• **What needs to be done**: Please transcribe all of the entries exactly, leaving out any images.

[Extracted data entries]
====
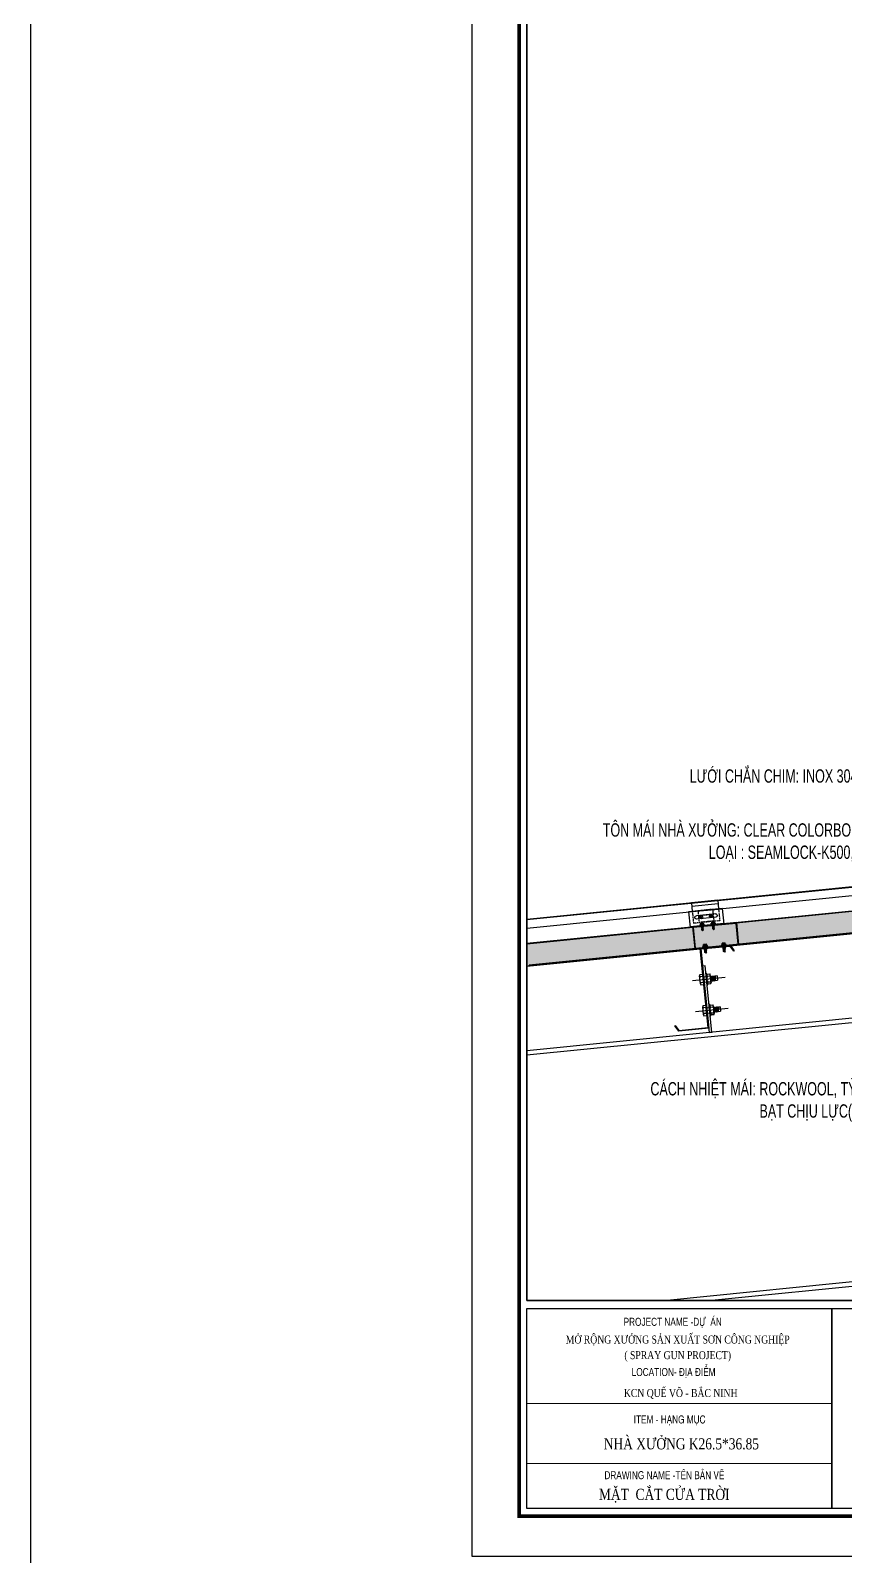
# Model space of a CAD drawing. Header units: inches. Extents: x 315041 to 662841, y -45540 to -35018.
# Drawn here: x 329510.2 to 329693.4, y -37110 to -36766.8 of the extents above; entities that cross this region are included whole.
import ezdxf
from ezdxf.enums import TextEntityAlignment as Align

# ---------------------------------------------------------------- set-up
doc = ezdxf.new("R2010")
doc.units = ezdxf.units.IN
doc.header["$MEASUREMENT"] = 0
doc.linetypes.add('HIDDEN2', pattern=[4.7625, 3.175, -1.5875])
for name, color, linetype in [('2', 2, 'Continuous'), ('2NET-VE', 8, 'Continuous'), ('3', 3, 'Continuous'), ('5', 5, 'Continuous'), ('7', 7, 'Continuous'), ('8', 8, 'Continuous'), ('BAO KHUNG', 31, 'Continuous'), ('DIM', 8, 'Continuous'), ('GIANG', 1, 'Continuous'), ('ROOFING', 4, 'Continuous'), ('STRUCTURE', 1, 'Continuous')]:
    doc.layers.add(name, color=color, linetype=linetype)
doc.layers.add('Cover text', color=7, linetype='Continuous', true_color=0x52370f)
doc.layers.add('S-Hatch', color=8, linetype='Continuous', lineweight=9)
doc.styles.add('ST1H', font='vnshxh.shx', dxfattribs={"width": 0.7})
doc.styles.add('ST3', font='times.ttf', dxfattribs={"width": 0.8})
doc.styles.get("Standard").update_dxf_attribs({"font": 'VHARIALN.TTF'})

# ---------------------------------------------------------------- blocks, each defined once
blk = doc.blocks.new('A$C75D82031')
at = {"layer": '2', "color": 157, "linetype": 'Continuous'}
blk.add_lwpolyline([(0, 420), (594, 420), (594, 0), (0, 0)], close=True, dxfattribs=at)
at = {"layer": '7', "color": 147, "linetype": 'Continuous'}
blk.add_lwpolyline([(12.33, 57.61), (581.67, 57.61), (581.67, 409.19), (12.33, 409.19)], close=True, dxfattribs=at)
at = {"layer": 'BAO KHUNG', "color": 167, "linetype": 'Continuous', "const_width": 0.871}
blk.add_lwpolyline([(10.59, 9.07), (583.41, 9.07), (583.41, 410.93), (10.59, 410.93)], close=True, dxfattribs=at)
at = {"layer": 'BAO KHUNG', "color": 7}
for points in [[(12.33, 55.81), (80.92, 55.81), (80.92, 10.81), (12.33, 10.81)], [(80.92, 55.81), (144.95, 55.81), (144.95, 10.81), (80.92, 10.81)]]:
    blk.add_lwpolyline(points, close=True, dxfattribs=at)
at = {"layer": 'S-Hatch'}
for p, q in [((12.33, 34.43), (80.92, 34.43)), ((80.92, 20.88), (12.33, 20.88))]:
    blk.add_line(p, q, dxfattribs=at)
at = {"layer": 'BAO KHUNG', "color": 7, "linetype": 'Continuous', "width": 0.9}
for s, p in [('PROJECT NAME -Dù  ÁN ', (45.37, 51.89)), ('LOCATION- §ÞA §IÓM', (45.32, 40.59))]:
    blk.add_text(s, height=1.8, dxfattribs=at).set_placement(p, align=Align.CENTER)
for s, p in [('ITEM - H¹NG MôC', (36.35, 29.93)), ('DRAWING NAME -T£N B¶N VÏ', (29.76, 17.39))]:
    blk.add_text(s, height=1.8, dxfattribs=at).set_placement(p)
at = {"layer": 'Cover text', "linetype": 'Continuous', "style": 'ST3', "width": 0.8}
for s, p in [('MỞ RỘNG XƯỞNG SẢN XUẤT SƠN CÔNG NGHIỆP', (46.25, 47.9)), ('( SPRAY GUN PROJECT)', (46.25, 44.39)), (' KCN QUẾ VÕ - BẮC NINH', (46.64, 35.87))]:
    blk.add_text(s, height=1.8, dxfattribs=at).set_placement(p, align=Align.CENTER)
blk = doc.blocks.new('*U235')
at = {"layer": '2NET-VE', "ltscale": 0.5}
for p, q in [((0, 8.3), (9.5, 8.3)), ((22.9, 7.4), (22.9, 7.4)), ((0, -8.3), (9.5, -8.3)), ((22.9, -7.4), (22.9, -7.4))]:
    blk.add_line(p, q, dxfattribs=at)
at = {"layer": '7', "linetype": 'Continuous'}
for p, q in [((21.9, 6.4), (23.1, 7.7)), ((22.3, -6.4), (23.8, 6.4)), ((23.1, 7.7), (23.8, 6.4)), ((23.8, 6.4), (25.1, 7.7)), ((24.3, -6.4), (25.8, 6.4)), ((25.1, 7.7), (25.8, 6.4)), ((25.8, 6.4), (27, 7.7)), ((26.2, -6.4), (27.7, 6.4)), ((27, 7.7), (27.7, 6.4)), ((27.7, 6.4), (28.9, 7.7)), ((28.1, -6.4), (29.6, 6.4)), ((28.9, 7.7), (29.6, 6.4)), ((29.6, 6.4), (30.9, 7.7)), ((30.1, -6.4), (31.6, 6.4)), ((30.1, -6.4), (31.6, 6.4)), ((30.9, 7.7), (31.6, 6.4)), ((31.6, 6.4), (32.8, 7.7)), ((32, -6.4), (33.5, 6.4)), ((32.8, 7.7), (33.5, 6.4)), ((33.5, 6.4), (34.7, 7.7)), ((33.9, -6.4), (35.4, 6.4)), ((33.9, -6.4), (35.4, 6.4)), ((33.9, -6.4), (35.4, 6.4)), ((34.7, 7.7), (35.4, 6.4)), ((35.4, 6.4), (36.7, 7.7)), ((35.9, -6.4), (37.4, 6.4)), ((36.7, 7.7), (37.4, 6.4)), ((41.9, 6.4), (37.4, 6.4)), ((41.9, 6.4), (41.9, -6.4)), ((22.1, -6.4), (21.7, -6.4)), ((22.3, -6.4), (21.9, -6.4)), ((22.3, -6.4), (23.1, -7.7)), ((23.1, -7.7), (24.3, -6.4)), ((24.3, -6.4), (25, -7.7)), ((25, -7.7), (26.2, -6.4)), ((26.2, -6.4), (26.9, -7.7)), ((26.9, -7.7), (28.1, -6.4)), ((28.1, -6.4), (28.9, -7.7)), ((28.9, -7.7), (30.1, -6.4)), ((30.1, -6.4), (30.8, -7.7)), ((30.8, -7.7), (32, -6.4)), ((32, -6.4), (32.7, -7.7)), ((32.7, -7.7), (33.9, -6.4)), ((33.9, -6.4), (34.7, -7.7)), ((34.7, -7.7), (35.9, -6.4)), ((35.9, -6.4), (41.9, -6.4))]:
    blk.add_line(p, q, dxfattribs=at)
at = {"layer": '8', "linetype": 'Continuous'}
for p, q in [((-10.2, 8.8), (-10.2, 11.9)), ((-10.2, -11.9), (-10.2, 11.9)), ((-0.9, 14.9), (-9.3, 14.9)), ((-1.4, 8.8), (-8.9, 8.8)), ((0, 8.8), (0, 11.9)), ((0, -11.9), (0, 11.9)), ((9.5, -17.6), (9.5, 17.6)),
====
• **Solution**:
# Model space of a CAD drawing. Header units: inches. Extents: x 315041 to 662841, y -45540 to -35018.
# Drawn here: x 329510.2 to 329693.4, y -37110 to -36766.8 of the extents above; entities that cross this region are included whole.
import ezdxf
from ezdxf.enums import TextEntityAlignment as Align

# ---------------------------------------------------------------- set-up
doc = ezdxf.new("R2010")
doc.units = ezdxf.units.IN
doc.header["$MEASUREMENT"] = 0
doc.linetypes.add('HIDDEN2', pattern=[4.7625, 3.175, -1.5875])
for name, color, linetype in [('2', 2, 'Continuous'), ('2NET-VE', 8, 'Continuous'), ('3', 3, 'Continuous'), ('5', 5, 'Continuous'), ('7', 7, 'Continuous'), ('8', 8, 'Continuous'), ('BAO KHUNG', 31, 'Continuous'), ('DIM', 8, 'Continuous'), ('GIANG', 1, 'Continuous'), ('ROOFING', 4, 'Continuous'), ('STRUCTURE', 1, 'Continuous')]:
    doc.layers.add(name, color=color, linetype=linetype)
doc.layers.add('Cover text', color=7, linetype='Continuous', true_color=0x52370f)
doc.layers.add('S-Hatch', color=8, linetype='Continuous', lineweight=9)
doc.styles.add('ST1H', font='vnshxh.shx', dxfattribs={"width": 0.7})
doc.styles.add('ST3', font='times.ttf', dxfattribs={"width": 0.8})
doc.styles.get("Standard").update_dxf_attribs({"font": 'VHARIALN.TTF'})

# ---------------------------------------------------------------- blocks, each defined once
blk = doc.blocks.new('A$C75D82031')
at = {"layer": '2', "color": 157, "linetype": 'Continuous'}
blk.add_lwpolyline([(0, 420), (594, 420), (594, 0), (0, 0)], close=True, dxfattribs=at)
at = {"layer": '7', "color": 147, "linetype": 'Continuous'}
blk.add_lwpolyline([(12.33, 57.61), (581.67, 57.61), (581.67, 409.19), (12.33, 409.19)], close=True, dxfattribs=at)
at = {"layer": 'BAO KHUNG', "color": 167, "linetype": 'Continuous', "const_width": 0.871}
blk.add_lwpolyline([(10.59, 9.07), (583.41, 9.07), (583.41, 410.93), (10.59, 410.93)], close=True, dxfattribs=at)
at = {"layer": 'BAO KHUNG', "color": 7}
for points in [[(12.33, 55.81), (80.92, 55.81), (80.92, 10.81), (12.33, 10.81)], [(80.92, 55.81), (144.95, 55.81), (144.95, 10.81), (80.92, 10.81)]]:
    blk.add_lwpolyline(points, close=True, dxfattribs=at)
at = {"layer": 'S-Hatch'}
for p, q in [((12.33, 34.43), (80.92, 34.43)), ((80.92, 20.88), (12.33, 20.88))]:
    blk.add_line(p, q, dxfattribs=at)
at = {"layer": 'BAO KHUNG', "color": 7, "linetype": 'Continuous', "width": 0.9}
for s, p in [('PROJECT NAME -Dù  ÁN ', (45.37, 51.89)), ('LOCATION- §ÞA §IÓM', (45.32, 40.59))]:
    blk.add_text(s, height=1.8, dxfattribs=at).set_placement(p, align=Align.CENTER)
for s, p in [('ITEM - H¹NG MôC', (36.35, 29.93)), ('DRAWING NAME -T£N B¶N VÏ', (29.76, 17.39))]:
    blk.add_text(s, height=1.8, dxfattribs=at).set_placement(p)
at = {"layer": 'Cover text', "linetype": 'Continuous', "style": 'ST3', "width": 0.8}
for s, p in [('MỞ RỘNG XƯỞNG SẢN XUẤT SƠN CÔNG NGHIỆP', (46.25, 47.9)), ('( SPRAY GUN PROJECT)', (46.25, 44.39)), (' KCN QUẾ VÕ - BẮC NINH', (46.64, 35.87))]:
    blk.add_text(s, height=1.8, dxfattribs=at).set_placement(p, align=Align.CENTER)
blk = doc.blocks.new('*U235')
at = {"layer": '2NET-VE', "ltscale": 0.5}
for p, q in [((0, 8.3), (9.5, 8.3)), ((22.9, 7.4), (22.9, 7.4)), ((0, -8.3), (9.5, -8.3)), ((22.9, -7.4), (22.9, -7.4))]:
    blk.add_line(p, q, dxfattribs=at)
at = {"layer": '7', "linetype": 'Continuous'}
for p, q in [((21.9, 6.4), (23.1, 7.7)), ((22.3, -6.4), (23.8, 6.4)), ((23.1, 7.7), (23.8, 6.4)), ((23.8, 6.4), (25.1, 7.7)), ((24.3, -6.4), (25.8, 6.4)), ((25.1, 7.7), (25.8, 6.4)), ((25.8, 6.4), (27, 7.7)), ((26.2, -6.4), (27.7, 6.4)), ((27, 7.7), (27.7, 6.4)), ((27.7, 6.4), (28.9, 7.7)), ((28.1, -6.4), (29.6, 6.4)), ((28.9, 7.7), (29.6, 6.4)), ((29.6, 6.4), (30.9, 7.7)), ((30.1, -6.4), (31.6, 6.4)), ((30.1, -6.4), (31.6, 6.4)), ((30.9, 7.7), (31.6, 6.4)), ((31.6, 6.4), (32.8, 7.7)), ((32, -6.4), (33.5, 6.4)), ((32.8, 7.7), (33.5, 6.4)), ((33.5, 6.4), (34.7, 7.7)), ((33.9, -6.4), (35.4, 6.4)), ((33.9, -6.4), (35.4, 6.4)), ((33.9, -6.4), (35.4, 6.4)), ((34.7, 7.7), (35.4, 6.4)), ((35.4, 6.4), (36.7, 7.7)), ((35.9, -6.4), (37.4, 6.4)), ((36.7, 7.7), (37.4, 6.4)), ((41.9, 6.4), (37.4, 6.4)), ((41.9, 6.4), (41.9, -6.4)), ((22.1, -6.4), (21.7, -6.4)), ((22.3, -6.4), (21.9, -6.4)), ((22.3, -6.4), (23.1, -7.7)), ((23.1, -7.7), (24.3, -6.4)), ((24.3, -6.4), (25, -7.7)), ((25, -7.7), (26.2, -6.4)), ((26.2, -6.4), (26.9, -7.7)), ((26.9, -7.7), (28.1, -6.4)), ((28.1, -6.4), (28.9, -7.7)), ((28.9, -7.7), (30.1, -6.4)), ((30.1, -6.4), (30.8, -7.7)), ((30.8, -7.7), (32, -6.4)), ((32, -6.4), (32.7, -7.7)), ((32.7, -7.7), (33.9, -6.4)), ((33.9, -6.4), (34.7, -7.7)), ((34.7, -7.7), (35.9, -6.4)), ((35.9, -6.4), (41.9, -6.4))]:
    blk.add_line(p, q, dxfattribs=at)
at = {"layer": '8', "linetype": 'Continuous'}
for p, q in [((-10.2, 8.8), (-10.2, 11.9)), ((-10.2, -11.9), (-10.2, 11.9)), ((-0.9, 14.9), (-9.3, 14.9)), ((-1.4, 8.8), (-8.9, 8.8)), ((0, 8.8), (0, 11.9)), ((0, -11.9), (0, 11.9)), ((9.5, -17.6), (9.5, 17.6)),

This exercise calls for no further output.